== DESCRIPTION OF THE TASK ==
What you output must be the exact lines from the first line of the data through the one holding "Constant6 : Constant", with no pictures.

== DATASET ENTRIES ==
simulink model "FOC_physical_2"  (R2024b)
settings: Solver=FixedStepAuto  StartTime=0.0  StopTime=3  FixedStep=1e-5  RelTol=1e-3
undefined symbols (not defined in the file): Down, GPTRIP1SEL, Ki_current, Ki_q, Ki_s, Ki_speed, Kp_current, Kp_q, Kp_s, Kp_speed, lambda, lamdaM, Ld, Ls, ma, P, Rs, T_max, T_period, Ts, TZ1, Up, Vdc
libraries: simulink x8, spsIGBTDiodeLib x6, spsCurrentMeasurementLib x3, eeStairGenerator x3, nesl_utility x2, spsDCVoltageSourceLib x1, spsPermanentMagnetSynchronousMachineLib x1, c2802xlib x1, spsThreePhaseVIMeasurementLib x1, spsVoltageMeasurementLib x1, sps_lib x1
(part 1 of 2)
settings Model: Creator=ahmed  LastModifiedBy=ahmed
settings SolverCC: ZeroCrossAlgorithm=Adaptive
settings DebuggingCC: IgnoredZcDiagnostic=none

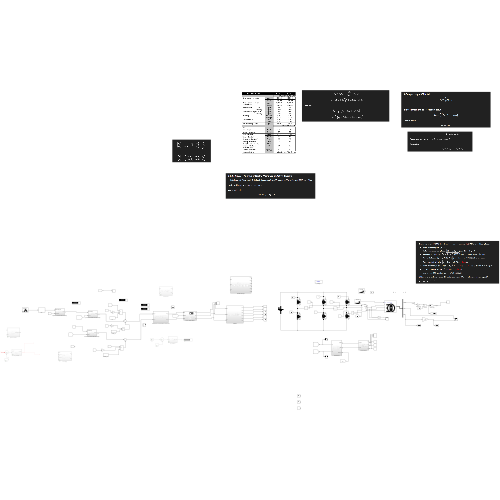
[thumbnail: Simulink's stored preview of the top-level diagram]
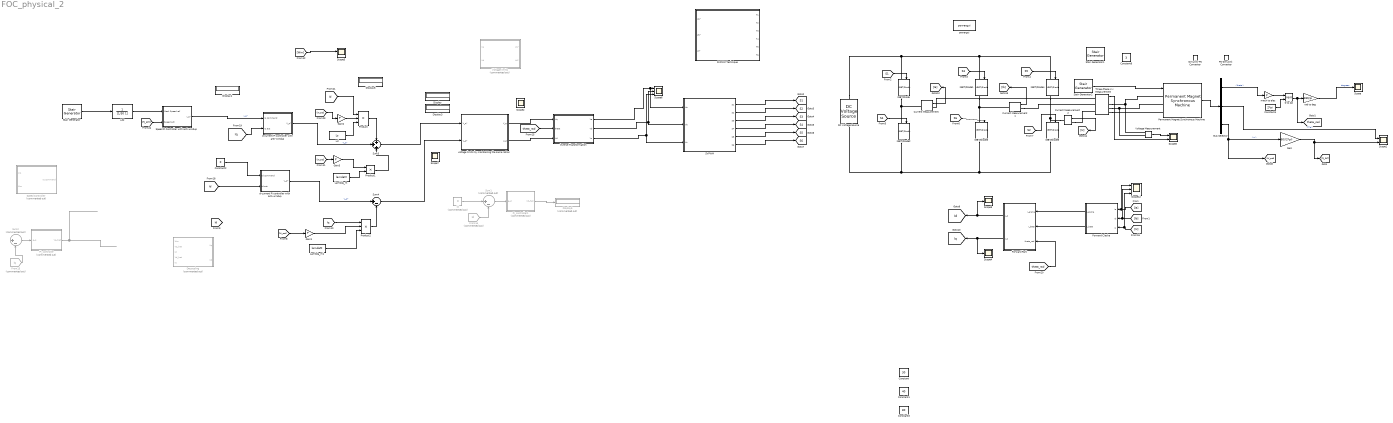
== system FOC_physical_2 ==
  0 to 2pi : Math  Operator=rem
  Bus Selector : BusSelector  OutputSignals=theta,Te,w
  Constant : Constant  Value=30
  Constant1 : Constant  Value=40
  Constant2 : Constant  Value=0
  Constant3 : Constant  Value=80
  Constant4 : Constant  Value=2*pi
  Constant6 : Constant  Value=3
  Current Measurement : spsCurrentMeasurementLib/Current Measurement  PhasorSimulation=off  OutputType=Complex  PSBequivalent=0
  Current Measurement1 : spsCurrentMeasurementLib/Current Measurement  PhasorSimulation=off  OutputType=Complex  PSBequivalent=0
  Current Measurement2 : spsCurrentMeasurementLib/Current Measurement  PhasorSimulation=off  OutputType=Complex  PSBequivalent=0
  DC Voltage Source : spsDCVoltageSourceLib/DC Voltage Source  Amplitude=Vdc  Measurements=None
  "Decoupling " : Subsystem  Commented=on
  Display{,3..4,6} (4 alike) : Display
  Display5 : Display  Commented=on
  Forward Clacke : Subsystem
  Forward Park : Subsystem
  From13 : From  Commented=on  GotoTag=Iq  TagVisibility=global
  From14 : From  Commented=on  GotoTag=Id  TagVisibility=global
  Gain : Gain  Gain=60/(2*pi)
  Gain1 : Gain  Gain=P
  Gain2 : Gain  Gain=P
  Gain3 : Gain  Gain=P
  IGBT/Diode{,1..5} (6 alike) : spsIGBTDiodeLib/IGBT//Diode  Ron=1e-3  Rs=1e5  Cs=inf  Measurements=on
  Id : Constant  Commented=on  Value=0
  Inverse Transformation : Subsystem
  LPF : TransferFcn  Denominator=[1/30 1]
  Lambda_m : Constant  Value=lamdaM
  Lambda_m1 : Constant  Value=lamdaM
  Ld : Constant  Value=Ls
  PI_controller : Subsystem  Commented=on
  PI_controller1 : Subsystem  Commented=on
  PS-Simulink Converter : nesl_utility/PS-Simulink Converter  PhysicalDomain=network_engine_domain  SubClassName=ps_output  LeftPortType=input  RightPortType=output  PseudoPeriodic=off  Frequencies=[]  VectorFormat=inherit  Unit=inherit  AffineConversion=off
  Permanent Magnet Synchronous Machine : spsPermanentMagnetSynchronousMachineLib/Permanent Magnet Synchronous Machine  NbPhases=3  FluxDistribution=Sinusoidal  RotorType=Round  MechanicalLoad=Torque Tm  PresetModel=No  ShowDetailedParameters=on  MeasurementBus=on  Resistance=Rs  Inductance=8.5e-3  dqInductances=[6.2e-3 6.2e-3]  La=Ls  MachineConstant=Flux linkage established by magnets (V.s)  Flux=.0620  VoltageCst=44.9822  TorqueCst=0.372  Flat=120  Mechanical=[2.6e-5 9.55e-5 4 .03]  PolePairs=4  InitialConditions=[0,0, 0,0]  InitialConditions5ph=[0 0 0 0 0 0]  RefAngle=Aligned with phase A axis (original Park)  IterativeDiscreteModel=Trapezoidal non iterative  TsBlock=-1  TsPowergui=0
  Product : Product  Inputs=3
  Product1 : Product
  Product2 : Product  Inputs=3
  SVPWM : Subsystem
  SVPWM Technique : Subsystem
  Scope : Scope
  Scope1 : Scope  NumInputPorts=2
  Scope{2,6..7,12} (4 alike) : Scope  NumInputPorts=3
  Scope3 : Scope
  Scope4 : Scope
  Scope5 : Scope  NumInputPorts=2
  Scope8 : Scope  NumInputPorts=2
  Simulink-PS Converter : nesl_utility/Simulink-PS Converter  PhysicalDomain=network_engine_domain  SubClassName=ps_input  LeftPortType=input  RightPortType=output  PseudoPeriodic=off  Frequencies=[]  NoiseDistribution=none  NoiseParameters=[]  Unit=1  AffineConversion=off  FilteringAndDerivatives=provide  SimscapeFilterOrder=1  InputFilterTimeConstant=0.001  UdotUserProvided=0
  "Speed Controller " : Subsystem  Commented=on
  Speed PI Controller with anti-windup : Subsystem
  Stair Generator : eeStairGenerator/Stair Generator  LabelModeActiveChoice=Discrete  TimeInput=[0.2 .6 1 1.3 1.8 2.2 3]  AmplitudeInput=[200 300 1000 4000 4500 2000 0]  SampleTime=1e-5  RepeatPattern=off  OutDataTypeStr=double
      settings: LibrarySourceBlock=ee_sl_lib/General Control/Stair Generator
  Stair Generator1 : eeStairGenerator/Stair Generator  LabelModeActiveChoice=Discrete  TimeInput=[0.3 .6 1.2 1.8]  AmplitudeInput=[.5 1 1.2 3]  SampleTime=Ts  RepeatPattern=off  OutDataTypeStr=double
      settings: LibrarySourceBlock=ee_sl_lib/General Control/Stair Generator
  Stair Generator2 : eeStairGenerator/Stair Generator  LabelModeActiveChoice=Discrete  TimeInput=[0.3 .7]  AmplitudeInput=[.6 1]  SampleTime=1e-5  RepeatPattern=off  OutDataTypeStr=double
      settings: LibrarySourceBlock=ee_sl_lib/General Control/Stair Generator
  Sum1 : Sum  Commented=on  Inputs=|+-
  Sum2 : Sum  Commented=on  Inputs=|+-
  Sum3 : Sum  Inputs=+++
  Sum4 : Sum  Inputs=|+-
  Three-Phase V-I Measurement : spsThreePhaseVIMeasurementLib/Three-Phase V-I Measurement  VoltageMeasurement=phase-to-ground  SetLabelV=off  LabelV=Vabc  Vpu=off  VpuLL=off  CurrentMeasurement=yes  SetLabelI=off  LabelI=Iabc  Ipu=off  Pbase=100e6  Vbase=500e3  OutputType=Complex  PhasorSimulation=off  PSBequivalent=0
  Voltage Measurement : spsVoltageMeasurementLib/Voltage Measurement  PhasorSimulation=off  OutputType=Complex  PSBequivalent=0
  Voltage limits : Subsystem  Commented=on
  d-current PI controller with anti-windup : Subsystem
  mech to elec : Gain  Gain=P
  powergui : sps_lib/powergui  Priority=1  SimulationMode=Discrete  SampleTime=1e-5  frequency=60  Iterations=50  frequencyindice=0  Pbase=100e6  ErrMax=1e-4  UnitsV=kV  UnitsW=MW  buscounter=0  FunctionMessages=off  echomessages=off  EnableUseOfTLC=off  CurrentSourceSwitches=off  DisableSnubberDevices=off  DisableRonSwitches=off  DisableVfSwitches=off  DisplayEquations=off  AutomaticDiscreteSolvers=off  SolverType=Tustin/Backward Euler (TBE)  Interpol=off  ExternalGateDelay=off  methode=off  Ts=100  x0status=blocks  SPID=on  SwTol=0  HookPort=off  NonlinearTolerance=1e-4  nMaxIteration=100  ContinueOnMaxIteration=off  RestoreLinks=warning  ResistiveCurrentMeasurement=off  Frange=[0:2:500]  Ylog=off  Xlog=on  ShowGrid=off  save=off  variable=ZData  structure=0  ZoomFFT=off  StartTime=0.0  cycles=1  DisplayStyle=1  fundamental=60  FreqAxis=off  MaxFrequency=1000  frequencyindicesteady=1  RmsSteady=1  display=off
  q-current PI controller with anti-windup : Subsystem
  rad to deg : Gain  Gain=180/pi
  voltage limits by maintaining the same ration : Subsystem
  tag scope: Id=global, Iq=global, S1=global, S2=global, S3=global, S4=global, S5=global, S6=global, theta_rad=global
  wires:
  Permanent Magnet Synchronous Machine/1 -> Bus Selector/1
  [S3] -> IGBT/Diode1/1
  [S6] -> IGBT/Diode3/1
  [S5] -> IGBT/Diode4/1
  [S4] -> IGBT/Diode2/1
  [S1] -> IGBT/Diode/1
  [S2] -> IGBT/Diode5/1
  [Wm] -> Scope5/1
  PI_controller1/1(Vd_hat) -> Display5/1
  Id/1 -> Sum1/1
  Inverse Transformation/1(Va) -> SVPWM/1(Va), Scope6/1
  Inverse Transformation/3(Vc) -> SVPWM/3(Vc), Scope6/3
  [theta_rad] -> Inverse Transformation/2(theta)
  Inverse Transformation/2(Vb) -> SVPWM/2(Vb), Scope6/2
  From14/1 -> Sum1/2
  [Ic] -> Forward Clacke/3(Ic), Scope12/3
  [Ia] -> Forward Clacke/1(Ia), Scope12/1
  Forward Clacke/2(I_beta) -> Forward Park/2(I_beta)
  [Ib] -> Forward Clacke/2(Ib), Scope12/2
  Forward Clacke/1(I_alpha) -> Forward Park/1(I_alpha)
  Forward Park/1(I_d) -> [Id], Scope3/1
  Forward Park/2(I_q) -> [Iq], Scope4/1
  Current Measurement/1 -> [Ia]
  Current Measurement1/1 -> [Ib]
  voltage limits by maintaining the same ration/1(V_q) -> Inverse Transformation/1(Vq)
  voltage limits by maintaining the same ration/2(V_d) -> Inverse Transformation/3(Vd)
  Sum1/1 -> PI_controller1/1(e_d)
  Constant2/1 -> d-current PI controller with anti-windup/1(Id command)
  [Id] -> d-current PI controller with anti-windup/2(Id act)
  ? -> Sum2/1
  Sum2/1 -> PI_controller/1(e_q)
  PI_controller/1(Vq_hat) -> ?
  From13/1 -> Sum2/2
  [Iq] -> q-current PI controller with anti-windup/2(Iq act)
  LPF/1 -> Speed PI Controller with anti-windup/1(Mech Speed ref)
  Speed PI Controller with anti-windup/1(I_q*) -> q-current PI controller with anti-windup/1(Iq command)  "I_q*"
  Product/1 -> Sum3/1
  [Iq] -> Product2/1
  Product1/1 -> Sum3/3
  Lambda_m1/1 -> Product2/3
  Lambda_m/1 -> Product1/2
  Ld/1 -> Product/3
  [W_act] -> Gain3/1
  Product2/1 -> Sum4/2
  [Id] -> Product/1
  q-current PI controller with anti-windup/1(V_q*) -> Sum3/2  "V_q*"
  Sum3/1 -> voltage limits by maintaining the same ration/1(V_q*)
  d-current PI controller with anti-windup/1(V_d*) -> Sum4/1  "V_d*"
  Sum4/1 -> voltage limits by maintaining the same ration/2(V_d*)
  Bus Selector/2 -> Scope1/1  "<Te>"
  Bus Selector/3 -> Gain/1, [W_act]  "<w>"
  Bus Selector/1 -> mech to elec/1  "<theta>"
  0 to 2pi/1 -> rad to deg/1, [theta_rad]
  Constant4/1 -> 0 to 2pi/2
  rad to deg/1 -> Scope/1  "degrees"
  mech to elec/1 -> 0 to 2pi/1
  Gain/1 -> Scope1/2, [N_act]
  [N_act] -> Speed PI Controller with anti-windup/2(Speed act)
  [W_act] -> Gain1/1
  [theta_rad] -> Forward Park/3(theta_rad)
  Current Measurement2/1 -> [Ic]
  Gain1/1 -> Product2/2
  [W_act] -> Gain2/1
  Gain2/1 -> Product/2
  SVPWM/1(S1) -> [S1]
  SVPWM/2(S2) -> [S2]
  SVPWM/3(S3) -> [S3]
  SVPWM/4(S4) -> [S4]
  SVPWM/5(S5) -> [S5]
  SVPWM/6(S6) -> [S6]
  Stair Generator/1 -> LPF/1
  Stair Generator2/1 -> Permanent Magnet Synchronous Machine/1
  Gain3/1 -> Product1/1
  Voltage Measurement/1 -> Scope8/1
  Three-Phase V-I Measurement/1 -> Scope8/2
  connections:
  DC Voltage Source/RConn1 -- IGBT/Diode4/LConn1 -- IGBT/Diode1/LConn1 -- IGBT/Diode/LConn1
  Current Measurement/LConn1 -- IGBT/Diode/RConn1 -- IGBT/Diode2/LConn1
  Current Measurement2/LConn1 -- IGBT/Diode4/RConn1 -- IGBT/Diode5/LConn1
  DC Voltage Source/LConn1 -- IGBT/Diode5/RConn1 -- IGBT/Diode3/RConn1 -- IGBT/Diode2/RConn1
  Current Measurement1/LConn1 -- IGBT/Diode1/RConn1 -- IGBT/Diode3/LConn1
  Voltage Measurement/LConn1 -- Permanent Magnet Synchronous Machine/LConn1 -- Three-Phase V-I Measurement/RConn1
  Voltage Measurement/LConn2 -- Permanent Magnet Synchronous Machine/LConn2 -- Three-Phase V-I Measurement/RConn2
  Current Measurement2/RConn1 -- Three-Phase V-I Measurement/LConn3
  Current Measurement1/RConn1 -- Three-Phase V-I Measurement/LConn2
  Three-Phase V-I Measurement/LConn1 -- Current Measurement/RConn1
  Three-Phase V-I Measurement/RConn3 -- Permanent Magnet Synchronous Machine/LConn3

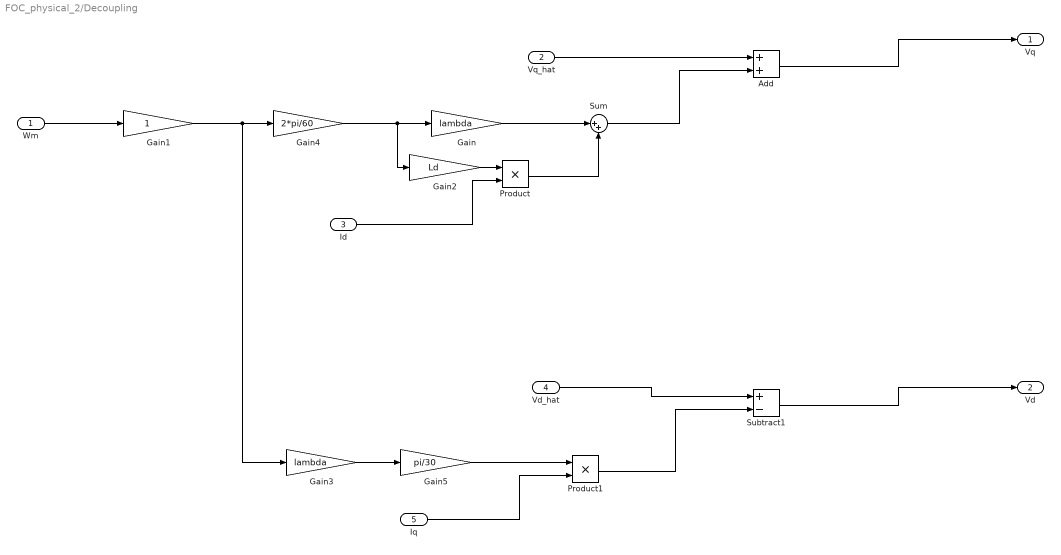
== system FOC_physical_2/Decoupling  ==
  Wm : Inport
  Vq_hat : Inport  Port=2
  Id : Inport  Port=3
  Vd_hat : Inport  Port=4
  Iq : Inport  Port=5
  Add : Sum
  Gain : Gain  Gain=lambda
  Gain1 : Gain
  Gain2 : Gain  Gain=Ld
  Gain3 : Gain  Gain=lambda
  Gain4 : Gain  Gain=2*pi/60
  Gain5 : Gain  Gain=pi/30
  Product : Product
  Product1 : Product
  Subtract1 : Sum  Inputs=+-
  Sum : Sum  Inputs=|++
  Vq : Outport
  Vd : Outport  Port=2
  wires:
  Vq_hat/1 -> Add/1
  Vd_hat/1 -> Subtract1/1
  Wm/1 -> Gain1/1
  Gain1/1 -> Gain4/1, Gain3/1
  Gain2/1 -> Product/1
  Id/1 -> Product/2
  Product/1 -> Sum/2
  Gain/1 -> Sum/1
  Sum/1 -> Add/2
  Gain3/1 -> Gain5/1
  Product1/1 -> Subtract1/2
  Iq/1 -> Product1/2
  Gain4/1 -> Gain2/1, Gain/1
  Add/1 -> Vq/1
  Subtract1/1 -> Vd/1
  Gain5/1 -> Product1/1

== system FOC_physical_2/Forward Clacke ==
  Ia : Inport
  Ib : Inport  Port=2
  Ic : Inport  Port=3
  Gain : Gain  Gain=0.5
  Gain1 : Gain  Gain=0.5
  Gain2 : Gain  Gain=2/3
  Gain3 : Gain  Gain=sqrt(3)/2
  Gain4 : Gain  Gain=2/3
  Sum : Sum  Inputs=+--
  Sum1 : Sum  Inputs=+-
  I_alpha : Outport
  I_beta : Outport  Port=2
  wires:
  Ib/1 -> Gain/1, Sum1/1
  Gain/1 -> Sum/2
  Gain2/1 -> I_alpha/1
  Sum1/1 -> Gain3/1
  Gain1/1 -> Sum/3
  Ic/1 -> Gain1/1, Sum1/2
  Sum/1 -> Gain2/1
  Gain3/1 -> Gain4/1
  Ia/1 -> Sum/1
  Gain4/1 -> I_beta/1

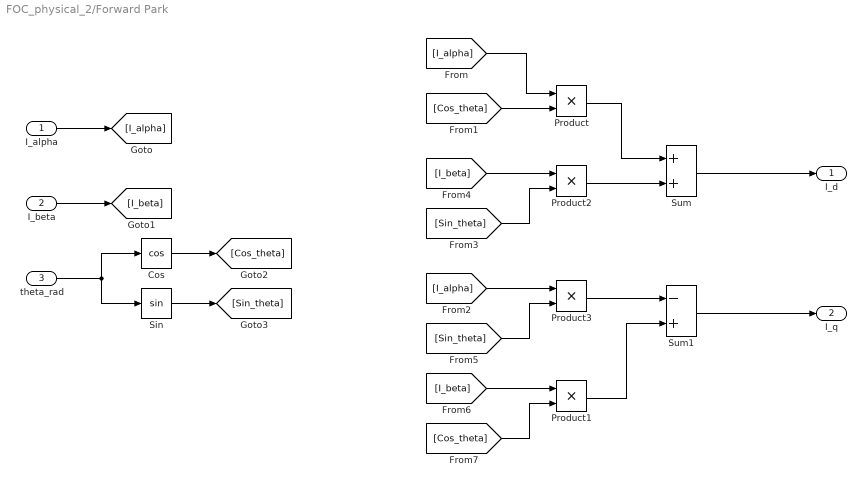
== system FOC_physical_2/Forward Park ==
  I_alpha : Inport
  I_beta : Inport  Port=2
  theta_rad : Inport  Port=3
  Cos : Trigonometry  Operator=cos
  Product{,1..3} (4 alike) : Product
  Sin : Trigonometry
  Sum : Sum
  Sum1 : Sum  Inputs=-+
  I_d : Outport
  I_q : Outport  Port=2
  wires:
  [Cos_theta] -> Product1/2
  [I_beta] -> Product1/1
  [Sin_theta] -> Product3/2
  [I_alpha] -> Product3/1
  Product1/1 -> Sum1/2
  [I_beta] -> Product2/1
  [Sin_theta] -> Product2/2
  [Cos_theta] -> Product/2
  Sin/1 -> [Sin_theta]
  Cos/1 -> [Cos_theta]
  theta_rad/1 -> Cos/1, Sin/1
  [I_alpha] -> Product/1
  I_beta/1 -> [I_beta]
  I_alpha/1 -> [I_alpha]
  Product3/1 -> Sum1/1
  Product2/1 -> Sum/2
  Product/1 -> Sum/1
  Sum1/1 -> I_q/1
  Sum/1 -> I_d/1

== system FOC_physical_2/Inverse Transformation ==
  Vq : Inport
  theta : Inport  Port=2
  Vd : Inport  Port=3
  "Inverse Park " : Subsystem  Commented=on
  dq to abc : Subsystem
  inverse Clark : Subsystem  Commented=on
  Va : Outport
  Vb : Outport  Port=2
  Vc : Outport  Port=3
  wires:
  theta/1 -> dq to abc/3(theta)
  Vq/1 -> dq to abc/1(V_q*)
  Vd/1 -> dq to abc/2(V_d*)
  dq to abc/1(Va*) -> Va/1
  dq to abc/2(Vb*) -> Vb/1
  dq to abc/3(Vc*) -> Vc/1

== system FOC_physical_2/PI_controller ==
  note: Kp = ((2*zeta*wn)-(Rs/ld))*Ld
  note: Kp = (Wn^2)*Ld
  e_q : Inport
  Add : Sum
  Display : Display
  Integrator : Integrator
  Ki : Gain  Gain=Ki_q
  Kp : Gain  Gain=Kp_q
  Product : Product
  Scope : Scope
  Vq_hat : Outport
  wires:
  Kp/1 -> Add/1
  Add/1 -> Vq_hat/1, Display/1
  e_q/1 -> Ki/1, Kp/1
  [Stop_q_integrator] -> Scope/1, Product/2
  Product/1 -> Integrator/1
  Integrator/1 -> Add/2
  Ki/1 -> Product/1

== system FOC_physical_2/PI_controller1 ==
  e_d : Inport
  Integrator : Integrator
  Ki : Gain  Gain=Ki_q
  Kp : Gain  Gain=Kp_q
  Product : Product
  Sum : Sum  Inputs=|++
  Time Scope : Scope
  Vd_hat : Outport
  wires:
  Kp/1 -> Sum/1
  e_d/1 -> Ki/1, Kp/1
  Sum/1 -> Vd_hat/1
  Product/1 -> Integrator/1
  [Stop_d_integrator] -> Product/2, Time Scope/1
  Integrator/1 -> Sum/2
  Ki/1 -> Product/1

== TASK ANSWER ==
simulink model "FOC_physical_2"  (R2024b)
settings: Solver=FixedStepAuto  StartTime=0.0  StopTime=3  FixedStep=1e-5  RelTol=1e-3
undefined symbols (not defined in the file): Down, GPTRIP1SEL, Ki_current, Ki_q, Ki_s, Ki_speed, Kp_current, Kp_q, Kp_s, Kp_speed, lambda, lamdaM, Ld, Ls, ma, P, Rs, T_max, T_period, Ts, TZ1, Up, Vdc
libraries: simulink x8, spsIGBTDiodeLib x6, spsCurrentMeasurementLib x3, eeStairGenerator x3, nesl_utility x2, spsDCVoltageSourceLib x1, spsPermanentMagnetSynchronousMachineLib x1, c2802xlib x1, spsThreePhaseVIMeasurementLib x1, spsVoltageMeasurementLib x1, sps_lib x1
(part 1 of 2)
settings Model: Creator=ahmed  LastModifiedBy=ahmed
settings SolverCC: ZeroCrossAlgorithm=Adaptive
settings DebuggingCC: IgnoredZcDiagnostic=none

[thumbnail: Simulink's stored preview of the top-level diagram]
== system FOC_physical_2 ==
  0 to 2pi : Math  Operator=rem
  Bus Selector : BusSelector  OutputSignals=theta,Te,w
  Constant : Constant  Value=30
  Constant1 : Constant  Value=40
  Constant2 : Constant  Value=0
  Constant3 : Constant  Value=80
  Constant4 : Constant  Value=2*pi
  Constant6 : Constant  Value=3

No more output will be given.